Data records ->
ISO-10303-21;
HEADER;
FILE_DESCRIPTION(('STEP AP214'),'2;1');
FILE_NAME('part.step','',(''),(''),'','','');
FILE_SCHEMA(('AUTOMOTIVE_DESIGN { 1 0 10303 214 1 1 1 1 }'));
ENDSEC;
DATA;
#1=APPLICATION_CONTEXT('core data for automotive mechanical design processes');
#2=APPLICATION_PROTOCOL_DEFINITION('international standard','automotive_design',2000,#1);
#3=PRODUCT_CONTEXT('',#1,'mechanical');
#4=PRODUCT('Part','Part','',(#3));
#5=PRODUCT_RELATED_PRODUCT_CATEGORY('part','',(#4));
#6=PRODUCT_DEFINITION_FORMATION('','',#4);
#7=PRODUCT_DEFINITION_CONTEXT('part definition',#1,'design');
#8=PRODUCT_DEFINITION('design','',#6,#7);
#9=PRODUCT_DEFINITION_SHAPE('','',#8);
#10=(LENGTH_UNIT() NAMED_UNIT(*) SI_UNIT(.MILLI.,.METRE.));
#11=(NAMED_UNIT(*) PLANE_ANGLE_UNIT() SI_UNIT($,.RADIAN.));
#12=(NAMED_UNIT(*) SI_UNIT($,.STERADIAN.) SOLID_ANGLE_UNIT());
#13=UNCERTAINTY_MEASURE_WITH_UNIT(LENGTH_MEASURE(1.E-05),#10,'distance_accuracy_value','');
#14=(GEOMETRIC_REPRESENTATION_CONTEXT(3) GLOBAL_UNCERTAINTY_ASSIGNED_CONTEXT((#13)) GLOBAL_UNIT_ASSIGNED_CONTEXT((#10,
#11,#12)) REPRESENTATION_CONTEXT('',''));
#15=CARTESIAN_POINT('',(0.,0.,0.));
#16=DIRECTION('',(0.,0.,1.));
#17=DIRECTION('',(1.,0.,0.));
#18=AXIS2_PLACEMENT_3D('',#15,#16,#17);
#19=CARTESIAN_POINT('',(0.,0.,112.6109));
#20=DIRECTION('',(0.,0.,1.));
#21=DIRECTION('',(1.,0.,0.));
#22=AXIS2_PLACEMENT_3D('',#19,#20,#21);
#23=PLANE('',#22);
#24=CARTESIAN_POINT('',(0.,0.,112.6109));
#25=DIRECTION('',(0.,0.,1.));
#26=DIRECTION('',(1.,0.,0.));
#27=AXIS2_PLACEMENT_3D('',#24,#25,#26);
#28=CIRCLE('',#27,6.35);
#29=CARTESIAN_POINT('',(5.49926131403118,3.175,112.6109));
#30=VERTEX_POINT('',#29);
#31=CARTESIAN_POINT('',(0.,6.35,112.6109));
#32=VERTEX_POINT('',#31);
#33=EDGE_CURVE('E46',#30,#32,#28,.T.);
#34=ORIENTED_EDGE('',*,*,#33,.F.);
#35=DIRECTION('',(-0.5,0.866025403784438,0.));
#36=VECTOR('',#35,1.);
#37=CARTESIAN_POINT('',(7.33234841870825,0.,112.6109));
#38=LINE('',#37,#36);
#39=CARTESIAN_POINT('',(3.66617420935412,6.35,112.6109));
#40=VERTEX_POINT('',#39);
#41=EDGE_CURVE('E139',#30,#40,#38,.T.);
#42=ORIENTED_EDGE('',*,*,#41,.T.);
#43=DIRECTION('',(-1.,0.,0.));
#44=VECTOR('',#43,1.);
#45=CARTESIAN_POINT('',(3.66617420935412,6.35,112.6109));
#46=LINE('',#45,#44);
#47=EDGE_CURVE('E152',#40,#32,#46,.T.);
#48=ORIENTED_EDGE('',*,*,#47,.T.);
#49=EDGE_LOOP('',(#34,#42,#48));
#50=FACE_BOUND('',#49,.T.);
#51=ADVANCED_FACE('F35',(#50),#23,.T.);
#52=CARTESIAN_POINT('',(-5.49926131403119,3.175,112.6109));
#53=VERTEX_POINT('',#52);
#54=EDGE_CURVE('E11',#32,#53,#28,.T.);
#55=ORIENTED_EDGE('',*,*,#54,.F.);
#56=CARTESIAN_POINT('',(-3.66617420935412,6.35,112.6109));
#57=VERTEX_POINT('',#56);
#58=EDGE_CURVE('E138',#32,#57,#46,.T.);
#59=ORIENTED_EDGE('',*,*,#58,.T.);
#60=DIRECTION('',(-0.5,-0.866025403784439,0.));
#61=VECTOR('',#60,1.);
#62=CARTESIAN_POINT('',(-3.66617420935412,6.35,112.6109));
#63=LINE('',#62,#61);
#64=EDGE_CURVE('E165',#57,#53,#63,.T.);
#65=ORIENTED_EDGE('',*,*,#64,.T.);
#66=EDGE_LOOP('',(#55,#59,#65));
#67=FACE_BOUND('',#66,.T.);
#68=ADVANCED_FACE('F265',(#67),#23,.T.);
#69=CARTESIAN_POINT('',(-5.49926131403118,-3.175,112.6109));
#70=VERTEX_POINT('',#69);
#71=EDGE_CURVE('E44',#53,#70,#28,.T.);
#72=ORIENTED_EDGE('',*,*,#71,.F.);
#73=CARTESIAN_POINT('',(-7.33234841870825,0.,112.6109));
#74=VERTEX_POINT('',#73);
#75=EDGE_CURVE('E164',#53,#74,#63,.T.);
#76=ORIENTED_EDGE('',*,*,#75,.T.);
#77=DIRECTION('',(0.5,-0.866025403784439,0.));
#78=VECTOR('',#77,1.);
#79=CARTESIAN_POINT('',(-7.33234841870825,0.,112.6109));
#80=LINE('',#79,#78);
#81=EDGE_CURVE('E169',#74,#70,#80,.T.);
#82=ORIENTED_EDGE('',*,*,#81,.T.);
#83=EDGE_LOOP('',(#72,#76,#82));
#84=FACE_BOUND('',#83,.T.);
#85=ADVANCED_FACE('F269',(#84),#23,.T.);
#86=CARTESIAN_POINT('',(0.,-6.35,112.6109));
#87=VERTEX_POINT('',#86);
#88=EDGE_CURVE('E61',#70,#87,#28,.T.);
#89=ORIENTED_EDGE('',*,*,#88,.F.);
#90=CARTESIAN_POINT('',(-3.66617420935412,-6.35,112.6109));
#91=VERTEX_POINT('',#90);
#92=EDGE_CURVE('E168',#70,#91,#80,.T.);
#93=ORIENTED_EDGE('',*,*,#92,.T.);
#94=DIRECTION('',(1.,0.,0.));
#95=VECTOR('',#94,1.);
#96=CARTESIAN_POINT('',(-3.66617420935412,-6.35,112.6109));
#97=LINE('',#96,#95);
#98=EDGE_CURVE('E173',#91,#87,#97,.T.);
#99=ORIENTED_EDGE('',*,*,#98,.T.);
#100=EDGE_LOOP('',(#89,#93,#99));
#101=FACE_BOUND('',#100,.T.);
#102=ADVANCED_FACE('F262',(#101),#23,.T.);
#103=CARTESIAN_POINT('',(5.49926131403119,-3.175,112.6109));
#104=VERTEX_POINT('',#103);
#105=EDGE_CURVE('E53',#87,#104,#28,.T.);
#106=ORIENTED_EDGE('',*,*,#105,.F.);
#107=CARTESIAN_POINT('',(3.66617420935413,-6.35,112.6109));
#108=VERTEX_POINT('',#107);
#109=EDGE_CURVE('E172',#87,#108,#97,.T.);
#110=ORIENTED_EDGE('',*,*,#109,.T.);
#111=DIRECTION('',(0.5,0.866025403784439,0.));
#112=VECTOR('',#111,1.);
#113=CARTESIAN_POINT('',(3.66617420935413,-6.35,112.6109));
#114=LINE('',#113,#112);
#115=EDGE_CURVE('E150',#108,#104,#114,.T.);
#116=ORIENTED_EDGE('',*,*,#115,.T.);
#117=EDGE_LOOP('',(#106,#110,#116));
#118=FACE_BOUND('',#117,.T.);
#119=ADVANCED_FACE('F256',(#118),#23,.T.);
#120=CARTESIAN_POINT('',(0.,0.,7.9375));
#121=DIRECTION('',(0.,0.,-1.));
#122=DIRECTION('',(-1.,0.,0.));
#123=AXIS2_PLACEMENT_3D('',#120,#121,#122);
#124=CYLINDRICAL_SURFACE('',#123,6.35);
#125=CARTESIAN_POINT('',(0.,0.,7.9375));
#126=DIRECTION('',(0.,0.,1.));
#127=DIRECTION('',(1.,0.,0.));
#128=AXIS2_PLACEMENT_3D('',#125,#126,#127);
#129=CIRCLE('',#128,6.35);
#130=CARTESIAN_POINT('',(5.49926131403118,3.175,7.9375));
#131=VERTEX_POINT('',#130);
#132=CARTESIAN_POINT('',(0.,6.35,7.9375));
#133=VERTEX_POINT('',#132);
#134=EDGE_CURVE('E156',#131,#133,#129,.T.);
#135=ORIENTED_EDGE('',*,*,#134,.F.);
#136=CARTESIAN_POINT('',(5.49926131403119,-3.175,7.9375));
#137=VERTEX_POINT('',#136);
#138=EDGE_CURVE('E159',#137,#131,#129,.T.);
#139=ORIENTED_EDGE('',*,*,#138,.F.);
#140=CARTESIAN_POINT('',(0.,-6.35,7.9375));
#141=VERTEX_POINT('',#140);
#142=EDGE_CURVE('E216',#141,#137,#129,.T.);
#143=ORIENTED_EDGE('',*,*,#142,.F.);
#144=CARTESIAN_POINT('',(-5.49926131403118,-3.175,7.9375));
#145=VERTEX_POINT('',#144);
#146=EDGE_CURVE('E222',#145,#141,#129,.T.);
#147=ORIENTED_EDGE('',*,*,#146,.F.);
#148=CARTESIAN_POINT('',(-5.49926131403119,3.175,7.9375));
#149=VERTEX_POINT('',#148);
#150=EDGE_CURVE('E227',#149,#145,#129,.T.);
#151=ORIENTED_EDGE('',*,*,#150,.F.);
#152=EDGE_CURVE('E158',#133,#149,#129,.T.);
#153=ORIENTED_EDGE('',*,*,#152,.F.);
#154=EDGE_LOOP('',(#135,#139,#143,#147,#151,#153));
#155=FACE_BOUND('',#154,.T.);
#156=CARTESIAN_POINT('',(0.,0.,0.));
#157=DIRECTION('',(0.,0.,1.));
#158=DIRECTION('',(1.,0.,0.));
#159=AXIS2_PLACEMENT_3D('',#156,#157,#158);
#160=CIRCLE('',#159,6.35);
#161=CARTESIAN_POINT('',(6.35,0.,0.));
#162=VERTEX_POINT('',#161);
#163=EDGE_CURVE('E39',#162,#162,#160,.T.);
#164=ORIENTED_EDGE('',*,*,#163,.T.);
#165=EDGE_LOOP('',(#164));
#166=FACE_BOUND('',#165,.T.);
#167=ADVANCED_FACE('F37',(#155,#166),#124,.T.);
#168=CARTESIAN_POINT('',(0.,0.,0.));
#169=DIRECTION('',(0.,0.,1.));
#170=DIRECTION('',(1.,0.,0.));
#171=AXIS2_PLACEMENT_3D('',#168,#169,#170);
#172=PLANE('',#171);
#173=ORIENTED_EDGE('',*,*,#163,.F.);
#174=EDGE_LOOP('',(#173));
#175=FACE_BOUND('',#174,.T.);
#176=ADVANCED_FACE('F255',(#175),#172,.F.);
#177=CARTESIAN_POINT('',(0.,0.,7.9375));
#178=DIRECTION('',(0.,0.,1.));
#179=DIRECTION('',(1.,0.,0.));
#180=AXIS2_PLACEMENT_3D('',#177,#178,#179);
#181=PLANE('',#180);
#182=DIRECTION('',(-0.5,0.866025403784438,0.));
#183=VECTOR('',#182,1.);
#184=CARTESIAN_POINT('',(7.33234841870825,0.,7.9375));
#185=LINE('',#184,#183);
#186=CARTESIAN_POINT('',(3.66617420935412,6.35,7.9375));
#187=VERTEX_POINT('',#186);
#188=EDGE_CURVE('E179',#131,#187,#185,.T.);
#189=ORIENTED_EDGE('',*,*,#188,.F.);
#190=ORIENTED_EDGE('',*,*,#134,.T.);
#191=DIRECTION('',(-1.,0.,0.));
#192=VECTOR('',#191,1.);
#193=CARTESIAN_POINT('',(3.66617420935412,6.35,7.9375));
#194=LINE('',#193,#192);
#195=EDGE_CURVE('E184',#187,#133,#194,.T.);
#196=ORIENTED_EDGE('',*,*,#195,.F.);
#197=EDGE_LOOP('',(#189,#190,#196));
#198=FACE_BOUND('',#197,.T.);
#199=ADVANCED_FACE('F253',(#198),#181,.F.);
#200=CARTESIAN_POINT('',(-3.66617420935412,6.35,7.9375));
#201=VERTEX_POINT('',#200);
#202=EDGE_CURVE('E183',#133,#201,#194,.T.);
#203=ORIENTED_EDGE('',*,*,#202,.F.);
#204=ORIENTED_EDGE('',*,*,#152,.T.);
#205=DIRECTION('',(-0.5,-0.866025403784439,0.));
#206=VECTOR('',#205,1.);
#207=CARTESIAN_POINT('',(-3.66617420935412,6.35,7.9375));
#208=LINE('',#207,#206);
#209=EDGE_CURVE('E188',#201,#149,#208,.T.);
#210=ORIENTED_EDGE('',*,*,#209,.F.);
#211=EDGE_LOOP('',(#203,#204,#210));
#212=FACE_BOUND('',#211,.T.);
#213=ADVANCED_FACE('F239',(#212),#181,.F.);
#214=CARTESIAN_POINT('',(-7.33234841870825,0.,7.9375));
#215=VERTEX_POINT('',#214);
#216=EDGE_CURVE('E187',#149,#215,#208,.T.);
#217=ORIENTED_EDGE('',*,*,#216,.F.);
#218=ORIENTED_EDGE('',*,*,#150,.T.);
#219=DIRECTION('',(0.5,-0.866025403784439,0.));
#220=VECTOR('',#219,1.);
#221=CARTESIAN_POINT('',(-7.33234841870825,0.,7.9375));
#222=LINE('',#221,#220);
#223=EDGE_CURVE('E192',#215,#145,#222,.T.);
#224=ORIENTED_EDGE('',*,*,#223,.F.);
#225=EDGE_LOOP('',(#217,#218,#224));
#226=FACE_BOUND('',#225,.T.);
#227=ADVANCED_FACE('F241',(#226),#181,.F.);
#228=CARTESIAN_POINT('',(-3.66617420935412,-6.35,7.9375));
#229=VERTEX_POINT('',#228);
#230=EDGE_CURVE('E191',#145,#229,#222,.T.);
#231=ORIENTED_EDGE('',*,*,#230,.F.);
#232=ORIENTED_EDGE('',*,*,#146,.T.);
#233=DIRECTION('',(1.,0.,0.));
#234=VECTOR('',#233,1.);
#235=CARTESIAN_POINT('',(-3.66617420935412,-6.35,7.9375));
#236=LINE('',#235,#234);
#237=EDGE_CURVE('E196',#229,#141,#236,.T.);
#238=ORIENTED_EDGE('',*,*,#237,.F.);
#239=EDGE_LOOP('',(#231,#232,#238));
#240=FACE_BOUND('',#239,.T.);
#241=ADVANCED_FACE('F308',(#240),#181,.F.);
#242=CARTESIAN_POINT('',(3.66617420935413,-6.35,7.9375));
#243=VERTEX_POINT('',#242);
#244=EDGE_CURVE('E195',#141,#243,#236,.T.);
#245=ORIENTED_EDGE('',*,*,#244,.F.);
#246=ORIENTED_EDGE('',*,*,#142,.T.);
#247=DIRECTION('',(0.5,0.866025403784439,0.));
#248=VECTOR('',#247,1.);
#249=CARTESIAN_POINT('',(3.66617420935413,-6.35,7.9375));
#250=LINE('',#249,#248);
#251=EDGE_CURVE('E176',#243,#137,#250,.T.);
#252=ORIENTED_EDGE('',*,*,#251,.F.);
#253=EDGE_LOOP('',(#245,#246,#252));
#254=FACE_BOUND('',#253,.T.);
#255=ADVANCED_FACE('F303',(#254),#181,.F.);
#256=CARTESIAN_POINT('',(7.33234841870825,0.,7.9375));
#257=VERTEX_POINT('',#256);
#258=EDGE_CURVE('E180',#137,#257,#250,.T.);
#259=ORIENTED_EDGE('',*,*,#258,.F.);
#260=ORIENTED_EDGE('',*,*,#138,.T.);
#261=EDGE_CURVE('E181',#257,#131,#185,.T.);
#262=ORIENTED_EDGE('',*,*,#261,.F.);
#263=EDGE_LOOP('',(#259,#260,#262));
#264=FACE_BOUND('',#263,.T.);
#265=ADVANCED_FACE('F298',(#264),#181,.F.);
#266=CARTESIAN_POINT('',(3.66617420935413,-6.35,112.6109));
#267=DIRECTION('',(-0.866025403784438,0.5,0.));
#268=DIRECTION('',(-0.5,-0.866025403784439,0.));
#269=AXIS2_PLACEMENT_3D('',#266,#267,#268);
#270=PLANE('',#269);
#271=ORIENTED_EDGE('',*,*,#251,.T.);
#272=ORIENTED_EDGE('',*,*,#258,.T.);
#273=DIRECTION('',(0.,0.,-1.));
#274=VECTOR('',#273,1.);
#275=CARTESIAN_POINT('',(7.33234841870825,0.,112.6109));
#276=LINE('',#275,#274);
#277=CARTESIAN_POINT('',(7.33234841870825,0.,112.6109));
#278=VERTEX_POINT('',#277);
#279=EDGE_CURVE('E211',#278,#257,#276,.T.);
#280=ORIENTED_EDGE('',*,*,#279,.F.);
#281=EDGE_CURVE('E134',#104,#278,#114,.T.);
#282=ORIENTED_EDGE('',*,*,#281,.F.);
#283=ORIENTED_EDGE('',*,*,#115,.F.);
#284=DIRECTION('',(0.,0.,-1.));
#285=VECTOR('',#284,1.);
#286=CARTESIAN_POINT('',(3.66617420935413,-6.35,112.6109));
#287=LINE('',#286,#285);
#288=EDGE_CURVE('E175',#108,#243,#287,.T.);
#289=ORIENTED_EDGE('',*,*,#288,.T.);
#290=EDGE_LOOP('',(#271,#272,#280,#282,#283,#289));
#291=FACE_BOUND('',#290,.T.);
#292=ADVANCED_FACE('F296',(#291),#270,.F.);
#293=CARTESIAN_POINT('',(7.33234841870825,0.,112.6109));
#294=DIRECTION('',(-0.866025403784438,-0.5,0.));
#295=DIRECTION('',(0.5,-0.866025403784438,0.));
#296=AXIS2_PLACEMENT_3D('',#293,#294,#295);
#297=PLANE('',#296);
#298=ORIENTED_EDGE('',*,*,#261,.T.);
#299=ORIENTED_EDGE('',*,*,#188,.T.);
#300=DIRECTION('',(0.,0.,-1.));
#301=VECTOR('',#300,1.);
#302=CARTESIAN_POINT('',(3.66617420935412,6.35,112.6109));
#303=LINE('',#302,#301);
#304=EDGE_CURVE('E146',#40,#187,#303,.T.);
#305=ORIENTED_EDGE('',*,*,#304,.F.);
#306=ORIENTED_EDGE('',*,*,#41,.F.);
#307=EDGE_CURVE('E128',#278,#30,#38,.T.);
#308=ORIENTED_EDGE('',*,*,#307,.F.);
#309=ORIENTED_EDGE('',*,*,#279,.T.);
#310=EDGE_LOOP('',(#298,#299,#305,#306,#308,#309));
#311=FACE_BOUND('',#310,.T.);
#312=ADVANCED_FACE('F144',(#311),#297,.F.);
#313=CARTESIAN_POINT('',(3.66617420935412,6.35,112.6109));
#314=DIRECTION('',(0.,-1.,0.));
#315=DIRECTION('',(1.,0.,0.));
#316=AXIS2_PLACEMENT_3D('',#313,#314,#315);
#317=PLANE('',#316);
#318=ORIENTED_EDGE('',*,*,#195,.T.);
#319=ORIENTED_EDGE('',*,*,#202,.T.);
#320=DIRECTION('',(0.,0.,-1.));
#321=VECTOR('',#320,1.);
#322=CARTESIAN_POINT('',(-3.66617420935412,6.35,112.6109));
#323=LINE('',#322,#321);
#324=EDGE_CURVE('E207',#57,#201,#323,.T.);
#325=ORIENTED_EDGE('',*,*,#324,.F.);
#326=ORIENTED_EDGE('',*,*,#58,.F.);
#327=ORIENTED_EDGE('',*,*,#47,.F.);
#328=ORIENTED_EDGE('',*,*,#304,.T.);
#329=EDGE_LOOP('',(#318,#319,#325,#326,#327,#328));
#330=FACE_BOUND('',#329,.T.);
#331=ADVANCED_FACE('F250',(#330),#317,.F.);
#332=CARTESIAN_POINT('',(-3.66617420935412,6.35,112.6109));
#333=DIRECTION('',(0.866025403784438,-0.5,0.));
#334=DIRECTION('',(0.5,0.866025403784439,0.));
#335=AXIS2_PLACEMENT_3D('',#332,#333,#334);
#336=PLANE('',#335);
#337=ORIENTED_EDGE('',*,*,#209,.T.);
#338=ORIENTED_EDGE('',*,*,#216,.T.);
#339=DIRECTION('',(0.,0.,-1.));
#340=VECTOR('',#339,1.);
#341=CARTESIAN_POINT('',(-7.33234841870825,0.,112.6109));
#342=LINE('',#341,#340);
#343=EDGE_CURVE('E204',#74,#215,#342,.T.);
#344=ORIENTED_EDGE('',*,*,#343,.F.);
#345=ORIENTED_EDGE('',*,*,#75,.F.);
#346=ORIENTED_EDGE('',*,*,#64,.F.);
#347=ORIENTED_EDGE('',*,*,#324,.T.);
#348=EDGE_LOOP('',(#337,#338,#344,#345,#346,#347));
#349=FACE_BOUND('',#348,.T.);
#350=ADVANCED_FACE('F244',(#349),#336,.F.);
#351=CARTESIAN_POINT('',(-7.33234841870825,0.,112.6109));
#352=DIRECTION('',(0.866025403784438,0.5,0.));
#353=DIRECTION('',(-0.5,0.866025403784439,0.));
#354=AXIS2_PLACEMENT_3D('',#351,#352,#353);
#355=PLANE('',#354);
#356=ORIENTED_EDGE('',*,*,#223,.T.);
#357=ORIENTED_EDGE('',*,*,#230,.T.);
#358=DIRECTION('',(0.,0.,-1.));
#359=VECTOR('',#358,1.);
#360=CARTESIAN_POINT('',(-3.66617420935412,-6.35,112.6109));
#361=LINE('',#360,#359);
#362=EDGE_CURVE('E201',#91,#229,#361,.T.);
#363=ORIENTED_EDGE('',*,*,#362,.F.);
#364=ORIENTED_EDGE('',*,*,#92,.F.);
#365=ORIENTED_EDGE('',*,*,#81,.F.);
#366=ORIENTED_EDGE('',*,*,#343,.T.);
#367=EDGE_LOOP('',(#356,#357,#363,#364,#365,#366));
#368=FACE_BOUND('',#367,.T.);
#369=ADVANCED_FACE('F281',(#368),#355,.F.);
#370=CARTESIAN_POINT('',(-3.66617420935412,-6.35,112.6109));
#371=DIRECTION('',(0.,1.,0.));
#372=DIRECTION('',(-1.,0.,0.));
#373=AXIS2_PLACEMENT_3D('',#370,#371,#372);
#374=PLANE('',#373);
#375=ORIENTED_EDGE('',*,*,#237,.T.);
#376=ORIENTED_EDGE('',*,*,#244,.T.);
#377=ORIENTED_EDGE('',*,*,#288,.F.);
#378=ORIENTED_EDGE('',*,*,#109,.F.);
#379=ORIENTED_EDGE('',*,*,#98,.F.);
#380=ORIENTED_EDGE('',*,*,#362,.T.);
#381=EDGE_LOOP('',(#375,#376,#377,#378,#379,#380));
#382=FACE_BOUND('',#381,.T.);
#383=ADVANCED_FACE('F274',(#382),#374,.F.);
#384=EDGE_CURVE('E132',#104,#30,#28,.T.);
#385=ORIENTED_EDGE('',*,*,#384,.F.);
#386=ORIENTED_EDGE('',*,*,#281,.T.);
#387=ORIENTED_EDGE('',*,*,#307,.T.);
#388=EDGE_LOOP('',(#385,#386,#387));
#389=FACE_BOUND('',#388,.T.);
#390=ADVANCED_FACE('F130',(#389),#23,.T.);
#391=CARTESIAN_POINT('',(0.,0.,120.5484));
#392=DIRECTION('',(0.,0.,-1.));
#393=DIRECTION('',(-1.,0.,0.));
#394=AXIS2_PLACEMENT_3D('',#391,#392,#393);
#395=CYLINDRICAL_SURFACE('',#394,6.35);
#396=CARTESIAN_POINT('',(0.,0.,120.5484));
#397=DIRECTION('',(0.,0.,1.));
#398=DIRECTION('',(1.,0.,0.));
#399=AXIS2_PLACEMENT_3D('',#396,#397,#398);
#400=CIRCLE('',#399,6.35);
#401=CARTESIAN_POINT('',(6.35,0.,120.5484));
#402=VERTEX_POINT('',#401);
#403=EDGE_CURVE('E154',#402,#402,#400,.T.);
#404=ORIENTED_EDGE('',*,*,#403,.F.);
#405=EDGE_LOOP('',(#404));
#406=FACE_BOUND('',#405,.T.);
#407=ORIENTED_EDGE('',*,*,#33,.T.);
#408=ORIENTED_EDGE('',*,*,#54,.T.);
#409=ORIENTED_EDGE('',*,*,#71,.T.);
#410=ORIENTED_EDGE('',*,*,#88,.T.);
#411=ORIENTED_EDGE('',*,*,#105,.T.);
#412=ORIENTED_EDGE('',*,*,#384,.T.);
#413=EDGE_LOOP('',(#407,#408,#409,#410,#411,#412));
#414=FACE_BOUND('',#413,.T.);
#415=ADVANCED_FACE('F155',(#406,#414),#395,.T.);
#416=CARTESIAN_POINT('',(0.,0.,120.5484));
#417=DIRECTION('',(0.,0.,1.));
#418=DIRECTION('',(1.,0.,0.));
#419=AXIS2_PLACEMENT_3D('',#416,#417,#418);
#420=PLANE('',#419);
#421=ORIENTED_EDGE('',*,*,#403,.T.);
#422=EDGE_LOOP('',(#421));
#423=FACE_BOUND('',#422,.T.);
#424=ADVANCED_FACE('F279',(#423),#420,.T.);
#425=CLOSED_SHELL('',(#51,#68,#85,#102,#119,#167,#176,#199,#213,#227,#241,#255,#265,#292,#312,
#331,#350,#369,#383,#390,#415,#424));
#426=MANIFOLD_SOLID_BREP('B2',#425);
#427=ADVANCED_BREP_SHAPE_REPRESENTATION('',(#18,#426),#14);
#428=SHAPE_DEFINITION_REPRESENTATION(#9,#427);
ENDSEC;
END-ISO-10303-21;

How to complete this task -> Scan the records above for the string "CIRCLE", then copy each line where it turns up.

Answer area ->
#28=CIRCLE('',#27,6.35);
#129=CIRCLE('',#128,6.35);
#160=CIRCLE('',#159,6.35);
#400=CIRCLE('',#399,6.35);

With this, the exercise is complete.